If you have a lot of satellites in a small enough region of the sky to ignore some of the challenges of working with spherical data, I'll outline a more efficient solution: convert your coordinates to a spherical coordinate system (ignoring the radius), then use a KD-tree (e.g. scipy.spatial.KDTree) to efficiently find the pairs of satellites that are close together (in an angular sense). Then you can use the techniques in my other answer to find the actual angles between those pairs of satellites.

For instance, at a single time point, suppose you have 10 OneWeb satellites and 5 GPS satellites. After converting to a spherical coordinate system and ignoring the radius:

import numpy as np
from scipy.spatial import KDTree
rng = np.random.default_rng(328924982346534)
x = rng.random(size=(10, 2))  # theta and phi for OneWeb satellites
y = rng.random(size=(5, 2))   # theta and phi for GPS satellites
kdtree = KDTree(x)
kdtree.query(y)  # returns "distances" between each GPS satellite and closest OneWeb
kdtree.query_ball_point(y, r=0.3)  # returns ONLY the information about pairs with "distance" less than `r`

The "distances" above are not valid angles because they treat the spherical coordinates as if they were regular vectors and take the Euclidean norm of the difference between the coordinates. That's OK. You can use this to get information about satellites that are "close" in an angular sense, and then calculate the actual angles between them.

The advantage is that instead of calculating all pairwise angle, you will only need to calculate angles between pairs of satellites that are sufficiently close in the sky to have a chance of being considered a "conjunction".

Here is the brute force solution:

import numpy as np
rng = np.random.default_rng(3289245982346534)  # for generating random data

def angle(v1, v2, axis=-1):
    # axis=-1, the default, will treat the last axis as the x, y, z
    # coordinates.
    dot = np.vecdot(v1, v2, axis=axis)
    norm = np.linalg.norm(v1, axis=axis) * np.linalg.norm(v2, axis=axis)
    return np.arccos(dot / norm)

v1 = rng.random((10, 2, 3))
v2 = rng.random((1, 2, 3))
angle(v1, v2)

This returns an array of shape (10, 2), the angle between the one GPS satellite and 10 OneWeb satellites.

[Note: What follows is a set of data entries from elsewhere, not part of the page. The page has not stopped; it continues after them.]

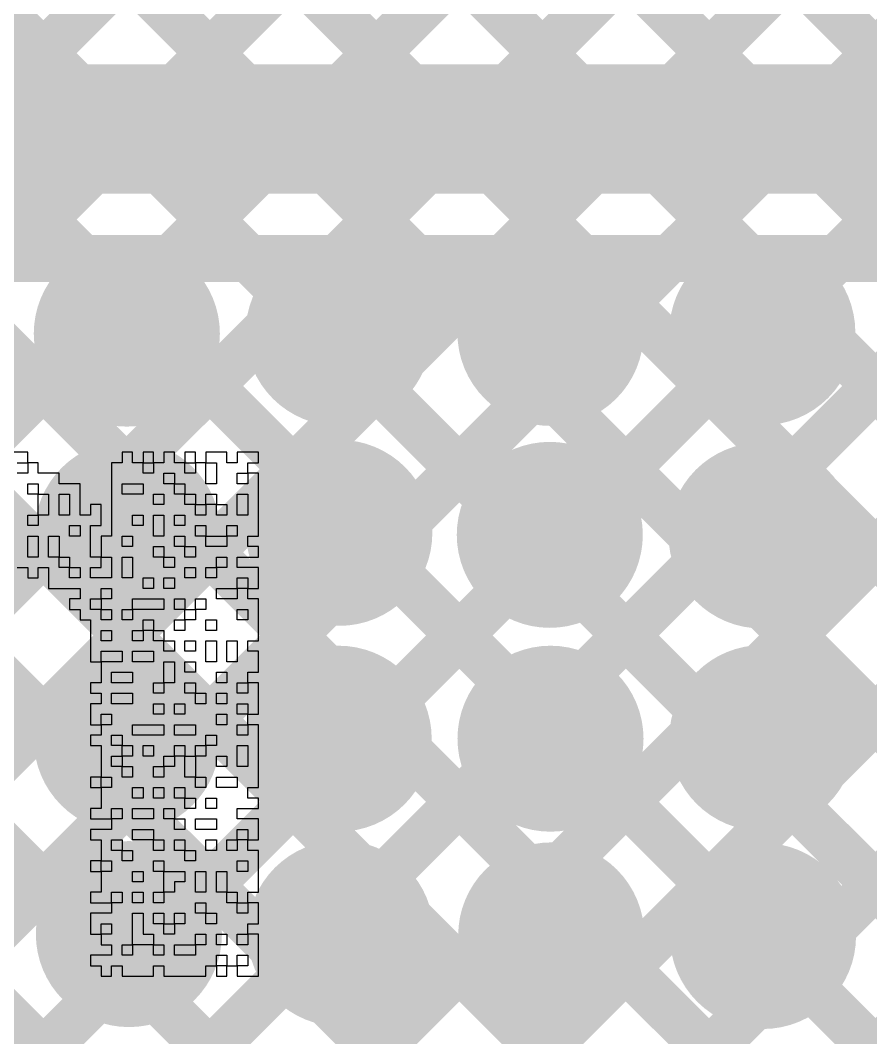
# Model space of a CAD drawing. Header units: millimetres. Extents: x 3.06 to 5.82, y 1.29 to 3.84.
# Drawn here: x 5.0166 to 5.1611, y 2.3075 to 2.4805 of the extents above; entities that cross this region are included whole.
import ezdxf

# ---------------------------------------------------------------- set-up
doc = ezdxf.new("R2010")
doc.units = ezdxf.units.MM
doc.header["$MEASUREMENT"] = 0
for name, color, linetype in [('BottomLayer', 5, 'Continuous'), ('BottomOverlay', 54, 'Continuous'), ('BottomSolder', 6, 'Continuous'), ('MultiLayer', 9, 'Continuous'), ('TopLayer', 1, 'Continuous'), ('TopSolder', 216, 'Continuous'), ('ViaHoleLayer', 16, 'Continuous')]:
    doc.layers.add(name, color=color, linetype=linetype)

msp = doc.modelspace()

# ---------------------------------------------------------------- linework, layer by layer
at = {"layer": 'BottomLayer', "const_width": 0.008}
for points in [[(4.85423, 2.78252), (5.702, 1.93475)], [(4.83062, 2.77785), (5.59647, 2.012)], [(4.81082, 2.76936), (5.56819, 2.012)], [(4.79724, 2.75466), (5.4789, 2.073)], [(4.789, 2.18685), (5.35367, 2.75152)], [(4.789, 2.21513), (5.32539, 2.75152)], [(4.789, 2.24341), (5.27927, 2.73368)], [(4.7896, 2.73402), (5.45062, 2.073)], [(4.789, 2.15856), (5.355, 2.72456)], [(4.789, 2.70633), (5.436, 2.05933)], [(4.789, 2.13028), (5.35968, 2.70096)], [(4.789, 2.10199), (5.37281, 2.68581)], [(4.789, 2.67805), (5.436, 2.03105)], [(4.789, 2.64976), (5.436, 2.00276)], [(4.789, 2.62148), (5.40848, 2.002)], [(4.789, 2.5932), (5.38019, 2.002)], [(4.789, 2.07371), (5.2974, 2.58211)], [(4.789, 2.56491), (5.35191, 2.002)], [(4.79368, 2.0501), (5.299, 2.55542)], [(4.789, 2.53663), (5.32363, 2.002)], [(4.80587, 2.03401), (5.299, 2.52714)], [(4.82414, 2.024), (5.30213, 2.50199)], [(4.85043, 2.022), (5.31337, 2.48494)], [(4.87805, 2.02134), (5.33087, 2.47416)]]:
    msp.add_lwpolyline(points, dxfattribs=at)
at = {"layer": 'BottomLayer', "const_width": 0.01181}
for points in [[(5.02874, 2.42721, 1), (5.04056, 2.42721, 1)], [(5.06474, 2.42733, 1), (5.07656, 2.42733, 1)], [(5.10074, 2.42733, 1), (5.11256, 2.42733, 1)], [(5.13674, 2.42744, 1), (5.14856, 2.42744, 1)], [(5.02886, 2.39322, 1), (5.04067, 2.39322, 1)], [(5.06486, 2.39333, 1), (5.07667, 2.39333, 1)], [(5.10063, 2.39299, 1), (5.11244, 2.39299, 1)], [(5.13663, 2.39288, 1), (5.14844, 2.39288, 1)], [(5.02875, 2.35822, 1), (5.04056, 2.35822, 1)], [(5.06475, 2.35833, 1), (5.07656, 2.35833, 1)], [(5.10075, 2.35833, 1), (5.11256, 2.35833, 1)], [(5.13675, 2.35844, 1), (5.14856, 2.35844, 1)], [(5.02909, 2.32511, 1), (5.04091, 2.32511, 1)], [(5.06509, 2.32522, 1), (5.07691, 2.32522, 1)], [(5.10087, 2.32489, 1), (5.11268, 2.32489, 1)], [(5.13687, 2.32478, 1), (5.14868, 2.32478, 1)]]:
    msp.add_lwpolyline(points, format="xyb", close=True, dxfattribs=at)
at = {"layer": 'BottomOverlay'}
for p, q in [((5.0178, 2.40704), (5.01423, 2.40704)), ((5.0178, 2.40526), (5.0178, 2.40704)), ((5.03561, 2.40704), (5.03383, 2.40704)), ((5.03383, 2.40704), (5.03383, 2.40526)), ((5.03561, 2.40526), (5.03561, 2.40704)), ((5.03918, 2.40704), (5.0374, 2.40704)), ((5.0374, 2.40704), (5.0374, 2.40526)), ((5.03918, 2.40526), (5.03918, 2.40704)), ((5.04274, 2.40704), (5.04096, 2.40704)), ((5.04096, 2.40704), (5.04096, 2.40526)), ((5.04274, 2.40526), (5.04274, 2.40704)), ((5.0463, 2.40704), (5.04452, 2.40704)), ((5.04452, 2.40704), (5.04452, 2.40526)), ((5.0463, 2.40526), (5.0463, 2.40704)), ((5.05165, 2.40704), (5.04809, 2.40704)), ((5.04809, 2.40704), (5.04809, 2.40526)), ((5.05165, 2.40526), (5.05165, 2.40704)), ((5.057, 2.40704), (5.05343, 2.40704)), ((5.05343, 2.40704), (5.05343, 2.40526)), ((5.057, 2.40526), (5.057, 2.40704)), ((5.01602, 2.40526), (5.0178, 2.40526)), ((5.01958, 2.40526), (5.0178, 2.40526)), ((5.0178, 2.40526), (5.0178, 2.40348)), ((5.01958, 2.40348), (5.01958, 2.40526)), ((5.03383, 2.40526), (5.03205, 2.40526)), ((5.03205, 2.40526), (5.03205, 2.40348)), ((5.0374, 2.40526), (5.03561, 2.40526)), ((5.0374, 2.40348), (5.0374, 2.40526)), ((5.0374, 2.40526), (5.03918, 2.40526)), ((5.04096, 2.40526), (5.03918, 2.40526)), ((5.03918, 2.40526), (5.03918, 2.40348)), ((5.04452, 2.40526), (5.04274, 2.40526)), ((5.04452, 2.40348), (5.04452, 2.40526)), ((5.04452, 2.40526), (5.0463, 2.40526)), ((5.04809, 2.40526), (5.0463, 2.40526)), ((5.0463, 2.40526), (5.0463, 2.40348)), ((5.04809, 2.40348), (5.04809, 2.40526)), ((5.04809, 2.40526), (5.04987, 2.40526)), ((5.04987, 2.40526), (5.04987, 2.40348)), ((5.05343, 2.40526), (5.05165, 2.40526)), ((5.05521, 2.40348), (5.05521, 2.40526)), ((5.05521, 2.40526), (5.057, 2.40526)), ((5.0178, 2.40348), (5.01602, 2.40348)), ((5.02314, 2.40348), (5.01958, 2.40348)), ((5.02314, 2.40169), (5.02314, 2.40348)), ((5.03205, 2.40348), (5.03205, 2.40169)), ((5.03918, 2.40348), (5.0374, 2.40348)), ((5.04096, 2.40169), (5.04096, 2.40348)), ((5.04096, 2.40348), (5.04274, 2.40348)), ((5.04274, 2.40348), (5.04274, 2.40169)), ((5.0463, 2.40348), (5.04452, 2.40348)), ((5.04809, 2.40169), (5.04809, 2.40348)), ((5.04987, 2.40348), (5.04987, 2.40169)), ((5.05343, 2.40169), (5.05343, 2.40348)), ((5.05343, 2.40348), (5.05521, 2.40348)), ((5.057, 2.40348), (5.05521, 2.40348)), ((5.05521, 2.40348), (5.05521, 2.40169)), ((5.057, 2.40169), (5.057, 2.40348)), ((5.0178, 2.39991), (5.0178, 2.40169)), ((5.0178, 2.40169), (5.01958, 2.40169)), ((5.01958, 2.40169), (5.01958, 2.39991)), ((5.02671, 2.40169), (5.02314, 2.40169)), ((5.02671, 2.39991), (5.02671, 2.40169)), ((5.03205, 2.40169), (5.03205, 2.39991)), ((5.03383, 2.39991), (5.03383, 2.40169)), ((5.03383, 2.40169), (5.0374, 2.40169)), ((5.0374, 2.40169), (5.0374, 2.39991)), ((5.04274, 2.40169), (5.04096, 2.40169)), ((5.04274, 2.39991), (5.04274, 2.40169)), ((5.04274, 2.40169), (5.04452, 2.40169)), ((5.04452, 2.40169), (5.04452, 2.39991)), ((5.04987, 2.40169), (5.04809, 2.40169)), ((5.05521, 2.40169), (5.05343, 2.40169)), ((5.057, 2.39991), (5.057, 2.40169)), ((5.01958, 2.39991), (5.0178, 2.39991)), ((5.01958, 2.39813), (5.01958, 2.39991)), ((5.01958, 2.39991), (5.02136, 2.39991)), ((5.02136, 2.39991), (5.02136, 2.39813)), ((5.02314, 2.39813), (5.02314, 2.39991)), ((5.02314, 2.39991), (5.02492, 2.39991)), ((5.02492, 2.39991), (5.02492, 2.39813)), ((5.02671, 2.39813), (5.02671, 2.39991)), ((5.03205, 2.39991), (5.03205, 2.39813)), ((5.0374, 2.39991), (5.03383, 2.39991)), ((5.03918, 2.39813), (5.03918, 2.39991)), ((5.03918, 2.39991), (5.04096, 2.39991)), ((5.04096, 2.39991), (5.04096, 2.39813)), ((5.04452, 2.39991), (5.04274, 2.39991)), ((5.04452, 2.39813), (5.04452, 2.39991)), ((5.04452, 2.39991), (5.0463, 2.39991)), ((5.0463, 2.39991), (5.0463, 2.39813)), ((5.04809, 2.39813), (5.04809, 2.39991)), ((5.04809, 2.39991), (5.04987, 2.39991)), ((5.04987, 2.39991), (5.04987, 2.39813)), ((5.05343, 2.39813), (5.05343, 2.39991)), ((5.05343, 2.39991), (5.05521, 2.39991)), ((5.05521, 2.39991), (5.05521, 2.39813)), ((5.057, 2.39813), (5.057, 2.39991)), ((5.01958, 2.39635), (5.01958, 2.39813)), ((5.02136, 2.39813), (5.02136, 2.39635)), ((5.02314, 2.39635), (5.02314, 2.39813)), ((5.02492, 2.39813), (5.02492, 2.39635)), ((5.02671, 2.39635), (5.02671, 2.39813)), ((5.03027, 2.39813), (5.02849, 2.39813)), ((5.02849, 2.39813), (5.02849, 2.39635)), ((5.03027, 2.39635), (5.03027, 2.39813)), ((5.03205, 2.39813), (5.03205, 2.39635)), ((5.04096, 2.39813), (5.03918, 2.39813)), ((5.0463, 2.39813), (5.04452, 2.39813)), ((5.0463, 2.39635), (5.0463, 2.39813)), ((5.0463, 2.39813), (5.04809, 2.39813)), ((5.04987, 2.39813), (5.04809, 2.39813)), ((5.04809, 2.39813), (5.04809, 2.39635)), ((5.04987, 2.39635), (5.04987, 2.39813)), ((5.04987, 2.39813), (5.05165, 2.39813)), ((5.05165, 2.39813), (5.05165, 2.39635)), ((5.05343, 2.39635), (5.05343, 2.39813)), ((5.05521, 2.39813), (5.05521, 2.39635)), ((5.057, 2.39635), (5.057, 2.39813)), ((5.0178, 2.39457), (5.0178, 2.39635)), ((5.0178, 2.39635), (5.01958, 2.39635)), ((5.02136, 2.39635), (5.01958, 2.39635)), ((5.01958, 2.39635), (5.01958, 2.39457)), ((5.02492, 2.39635), (5.02314, 2.39635)), ((5.02849, 2.39635), (5.02671, 2.39635)), ((5.03027, 2.39457), (5.03027, 2.39635)), ((5.03205, 2.39635), (5.03205, 2.39457)), ((5.03561, 2.39457), (5.03561, 2.39635)), ((5.03561, 2.39635), (5.0374, 2.39635)), ((5.0374, 2.39635), (5.0374, 2.39457)), ((5.03918, 2.39457), (5.03918, 2.39635)), ((5.03918, 2.39635), (5.04096, 2.39635)), ((5.04096, 2.39635), (5.04096, 2.39457)), ((5.04274, 2.39457), (5.04274, 2.39635)), ((5.04274, 2.39635), (5.04452, 2.39635)), ((5.04452, 2.39635), (5.04452, 2.39457)), ((5.04809, 2.39635), (5.0463, 2.39635)), ((5.05165, 2.39635), (5.04987, 2.39635)), ((5.05521, 2.39635), (5.05343, 2.39635)), ((5.057, 2.39457), (5.057, 2.39635)), ((5.01958, 2.39457), (5.0178, 2.39457)), ((5.02492, 2.39279), (5.02492, 2.39457)), ((5.02492, 2.39457), (5.02671, 2.39457)), ((5.02671, 2.39457), (5.02671, 2.39279)), ((5.02849, 2.39279), (5.02849, 2.39457)), ((5.02849, 2.39457), (5.03027, 2.39457)), ((5.03205, 2.39457), (5.03205, 2.39279)), ((5.0374, 2.39457), (5.03561, 2.39457)), ((5.03918, 2.39279), (5.03918, 2.39457)), ((5.04096, 2.39457), (5.04096, 2.39279)), ((5.04452, 2.39457), (5.04274, 2.39457)), ((5.0463, 2.39279), (5.0463, 2.39457)), ((5.0463, 2.39457), (5.04809, 2.39457)), ((5.04809, 2.39457), (5.04809, 2.39279)), ((5.05165, 2.39279), (5.05165, 2.39457)), ((5.05165, 2.39457), (5.05343, 2.39457)), ((5.05343, 2.39457), (5.05343, 2.39279)), ((5.057, 2.39279), (5.057, 2.39457)), ((5.0178, 2.391), (5.0178, 2.39279)), ((5.0178, 2.39279), (5.01958, 2.39279)), ((5.01958, 2.39279), (5.01958, 2.391)), ((5.02136, 2.391), (5.02136, 2.39279)), ((5.02136, 2.39279), (5.02314, 2.39279)), ((5.02314, 2.39279), (5.02314, 2.391)), ((5.02671, 2.39279), (5.02492, 2.39279)), ((5.02849, 2.391), (5.02849, 2.39279)), ((5.03205, 2.39279), (5.03027, 2.39279)), ((5.03027, 2.39279), (5.03027, 2.391)), ((5.03383, 2.391), (5.03383, 2.39279)), ((5.03383, 2.39279), (5.03561, 2.39279)), ((5.03561, 2.39279), (5.03561, 2.391)), ((5.04096, 2.39279), (5.03918, 2.39279)), ((5.04274, 2.391), (5.04274, 2.39279)), ((5.04274, 2.39279), (5.04452, 2.39279)), ((5.04452, 2.39279), (5.04452, 2.391)), ((5.04809, 2.39279), (5.0463, 2.39279)), ((5.04809, 2.391), (5.04809, 2.39279)), ((5.04809, 2.39279), (5.05165, 2.39279)), ((5.05343, 2.39279), (5.05165, 2.39279)), ((5.05165, 2.39279), (5.05165, 2.391)), ((5.05521, 2.391), (5.05521, 2.39279)), ((5.05521, 2.39279), (5.057, 2.39279)), ((5.0178, 2.38922), (5.0178, 2.391)), ((5.01958, 2.391), (5.01958, 2.38922)), ((5.02136, 2.38922), (5.02136, 2.391)), ((5.02314, 2.391), (5.02314, 2.38922)), ((5.02849, 2.38922), (5.02849, 2.391)), ((5.03027, 2.391), (5.03027, 2.38922)), ((5.03561, 2.391), (5.03383, 2.391)), ((5.03918, 2.38922), (5.03918, 2.391)), ((5.03918, 2.391), (5.04096, 2.391)), ((5.04096, 2.391), (5.04096, 2.38922)), ((5.04452, 2.391), (5.04274, 2.391)), ((5.04452, 2.38922), (5.04452, 2.391)), ((5.04452, 2.391), (5.0463, 2.391)), ((5.0463, 2.391), (5.0463, 2.38922)), ((5.05165, 2.391), (5.04809, 2.391)), ((5.057, 2.391), (5.05521, 2.391)), ((5.057, 2.38922), (5.057, 2.391)), ((5.01958, 2.38922), (5.0178, 2.38922)), ((5.02314, 2.38922), (5.02136, 2.38922)), ((5.02314, 2.38744), (5.02314, 2.38922)), ((5.02314, 2.38922), (5.02492, 2.38922)), ((5.02492, 2.38922), (5.02492, 2.38744)), ((5.03027, 2.38922), (5.02849, 2.38922)), ((5.03027, 2.38744), (5.03027, 2.38922)), ((5.03027, 2.38922), (5.03205, 2.38922)), ((5.03205, 2.38922), (5.03205, 2.38744)), ((5.03383, 2.38744), (5.03383, 2.38922)), ((5.03383, 2.38922), (5.03561, 2.38922)), ((5.03561, 2.38922), (5.03561, 2.38744)), ((5.04096, 2.38922), (5.03918, 2.38922)), ((5.04096, 2.38744), (5.04096, 2.38922)), ((5.04096, 2.38922), (5.04274, 2.38922)), ((5.04274, 2.38922), (5.04274, 2.38744)), ((5.0463, 2.38922), (5.04452, 2.38922)), ((5.04987, 2.38744), (5.04987, 2.38922)), ((5.04987, 2.38922), (5.05165, 2.38922)), ((5.05165, 2.38922), (5.05165, 2.38744)), ((5.05343, 2.38744), (5.05343, 2.38922)), ((5.05343, 2.38922), (5.057, 2.38922)), ((5.01602, 2.38744), (5.0178, 2.38744)), ((5.0178, 2.38744), (5.0178, 2.38566)), ((5.01958, 2.38566), (5.01958, 2.38744)), ((5.01958, 2.38744), (5.02136, 2.38744)), ((5.02136, 2.38744), (5.02136, 2.38566)), ((5.02492, 2.38744), (5.02314, 2.38744)), ((5.02492, 2.38566), (5.02492, 2.38744)), ((5.02492, 2.38744), (5.02671, 2.38744)), ((5.02671, 2.38744), (5.02671, 2.38566)), ((5.02849, 2.38566), (5.02849, 2.38744)), ((5.02849, 2.38744), (5.03027, 2.38744)), ((5.03205, 2.38744), (5.03205, 2.38566)), ((5.03383, 2.38566), (5.03383, 2.38744)), ((5.03561, 2.38744), (5.03561, 2.38566)), ((5.04274, 2.38744), (5.04096, 2.38744)), ((5.04452, 2.38566), (5.04452, 2.38744)), ((5.04452, 2.38744), (5.0463, 2.38744)), ((5.0463, 2.38744), (5.0463, 2.38566)), ((5.04809, 2.38566), (5.04809, 2.38744)), ((5.04809, 2.38744), (5.04987, 2.38744)), ((5.05165, 2.38744), (5.04987, 2.38744)), ((5.04987, 2.38744), (5.04987, 2.38566)), ((5.057, 2.38744), (5.05343, 2.38744)), ((5.057, 2.38566), (5.057, 2.38744)), ((5.0178, 2.38566), (5.01958, 2.38566)), ((5.02136, 2.38566), (5.02136, 2.38388)), ((5.02671, 2.38566), (5.02492, 2.38566)), ((5.03205, 2.38566), (5.02849, 2.38566)), ((5.03561, 2.38566), (5.03383, 2.38566)), ((5.0374, 2.38388), (5.0374, 2.38566)), ((5.0374, 2.38566), (5.03918, 2.38566)), ((5.03918, 2.38566), (5.03918, 2.38388)), ((5.04096, 2.38388), (5.04096, 2.38566)), ((5.04096, 2.38566), (5.04274, 2.38566)), ((5.04274, 2.38566), (5.04274, 2.38388)), ((5.0463, 2.38566), (5.04452, 2.38566)), ((5.04987, 2.38566), (5.04809, 2.38566)), ((5.05343, 2.38388), (5.05343, 2.38566)), ((5.05343, 2.38566), (5.05521, 2.38566)), ((5.05521, 2.38566), (5.05521, 2.38388)), ((5.057, 2.38388), (5.057, 2.38566)), ((5.02136, 2.38388), (5.02671, 2.38388)), ((5.02671, 2.38388), (5.02671, 2.38209)), ((5.03027, 2.38209), (5.03027, 2.38388)), ((5.03027, 2.38388), (5.03205, 2.38388)), ((5.03205, 2.38388), (5.03205, 2.38209)), ((5.03918, 2.38388), (5.0374, 2.38388)), ((5.04274, 2.38388), (5.04096, 2.38388)), ((5.04987, 2.38209), (5.04987, 2.38388)), ((5.04987, 2.38388), (5.05343, 2.38388)), ((5.05521, 2.38388), (5.05343, 2.38388)), ((5.05343, 2.38388), (5.05343, 2.38209)), ((5.05521, 2.38209), (5.05521, 2.38388)), ((5.05521, 2.38388), (5.057, 2.38388)), ((5.02671, 2.38209), (5.02492, 2.38209)), ((5.02492, 2.38209), (5.02492, 2.38031)), ((5.02849, 2.38031), (5.02849, 2.38209)), ((5.02849, 2.38209), (5.03027, 2.38209)), ((5.03205, 2.38209), (5.03027, 2.38209)), ((5.03027, 2.38209), (5.03027, 2.38031)), ((5.03561, 2.38031), (5.03561, 2.38209)), ((5.03561, 2.38209), (5.04096, 2.38209)), ((5.04096, 2.38209), (5.04096, 2.38031)), ((5.04274, 2.38031), (5.04274, 2.38209)), ((5.04274, 2.38209), (5.04452, 2.38209)), ((5.04452, 2.38209), (5.04452, 2.38031)), ((5.0463, 2.38031), (5.0463, 2.38209)), ((5.0463, 2.38209), (5.04809, 2.38209)), ((5.04809, 2.38209), (5.04809, 2.38031)), ((5.05343, 2.38209), (5.04987, 2.38209)), ((5.057, 2.38209), (5.05521, 2.38209)), ((5.057, 2.38031), (5.057, 2.38209)), ((5.02492, 2.38031), (5.02671, 2.38031)), ((5.02671, 2.38031), (5.02671, 2.37853)), ((5.03027, 2.38031), (5.02849, 2.38031)), ((5.03027, 2.37853), (5.03027, 2.38031)), ((5.03027, 2.38031), (5.03205, 2.38031)), ((5.03205, 2.38031), (5.03205, 2.37853)), ((5.03383, 2.37853), (5.03383, 2.38031)), ((5.03383, 2.38031), (5.03561, 2.38031)), ((5.04096, 2.38031), (5.03561, 2.38031)), ((5.03561, 2.38031), (5.03561, 2.37853)), ((5.04452, 2.38031), (5.04274, 2.38031)), ((5.04452, 2.37853), (5.04452, 2.38031)), ((5.04452, 2.38031), (5.0463, 2.38031)), ((5.04809, 2.38031), (5.0463, 2.38031)), ((5.0463, 2.38031), (5.0463, 2.37853)), ((5.05343, 2.37853), (5.05343, 2.38031)), ((5.05343, 2.38031), (5.05521, 2.38031)), ((5.05521, 2.38031), (5.05521, 2.37853)), ((5.057, 2.37853), (5.057, 2.38031)), ((5.02671, 2.37853), (5.02849, 2.37853)), ((5.02849, 2.37853), (5.02849, 2.37675)), ((5.03205, 2.37853), (5.03027, 2.37853)), ((5.03561, 2.37853), (5.03383, 2.37853)), ((5.0374, 2.37675), (5.0374, 2.37853)), ((5.0374, 2.37853), (5.03918, 2.37853)), ((5.03918, 2.37853), (5.03918, 2.37675)), ((5.04274, 2.37675), (5.04274, 2.37853)), ((5.04274, 2.37853), (5.04452, 2.37853)), ((5.0463, 2.37853), (5.04452, 2.37853)), ((5.04452, 2.37853), (5.04452, 2.37675)), ((5.04809, 2.37675), (5.04809, 2.37853)), ((5.04809, 2.37853), (5.04987, 2.37853)), ((5.04987, 2.37853), (5.04987, 2.37675)), ((5.05521, 2.37853), (5.05343, 2.37853)), ((5.057, 2.37675), (5.057, 2.37853)), ((5.02849, 2.37675), (5.02849, 2.37497)), ((5.03027, 2.37497), (5.03027, 2.37675)), ((5.03027, 2.37675), (5.03205, 2.37675)), ((5.03205, 2.37675), (5.03205, 2.37497)), ((5.03561, 2.37497), (5.03561, 2.37675)), ((5.03561, 2.37675), (5.0374, 2.37675)), ((5.03918, 2.37675), (5.0374, 2.37675)), ((5.0374, 2.37675), (5.0374, 2.37497)), ((5.03918, 2.37497), (5.03918, 2.37675)), ((5.03918, 2.37675), (5.04096, 2.37675)), ((5.04096, 2.37675), (5.04096, 2.37497)), ((5.04452, 2.37675), (5.04274, 2.37675)), ((5.04987, 2.37675), (5.04809, 2.37675)), ((5.057, 2.37497), (5.057, 2.37675)), ((5.02849, 2.37497), (5.02849, 2.37319)), ((5.03205, 2.37497), (5.03027, 2.37497)), ((5.0374, 2.37497), (5.03561, 2.37497)), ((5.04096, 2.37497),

It sounds like may have more than one GPS satellite. In this case:

v2 = rng.random((5, 2, 3))
v2 = v2[:, np.newaxis, ...]
angle(v1, v2)

We insert another dimension with np.newaxis because we want the axis that indexes the GPS satellites to be orthogonal to the axis that indexes the OneWeb satellites. This ensures that all pairs of calculations are performed.

This will return an array of shape (5, 10, 2), the pairwise angles between five GPS satellites and 10 OneWebs.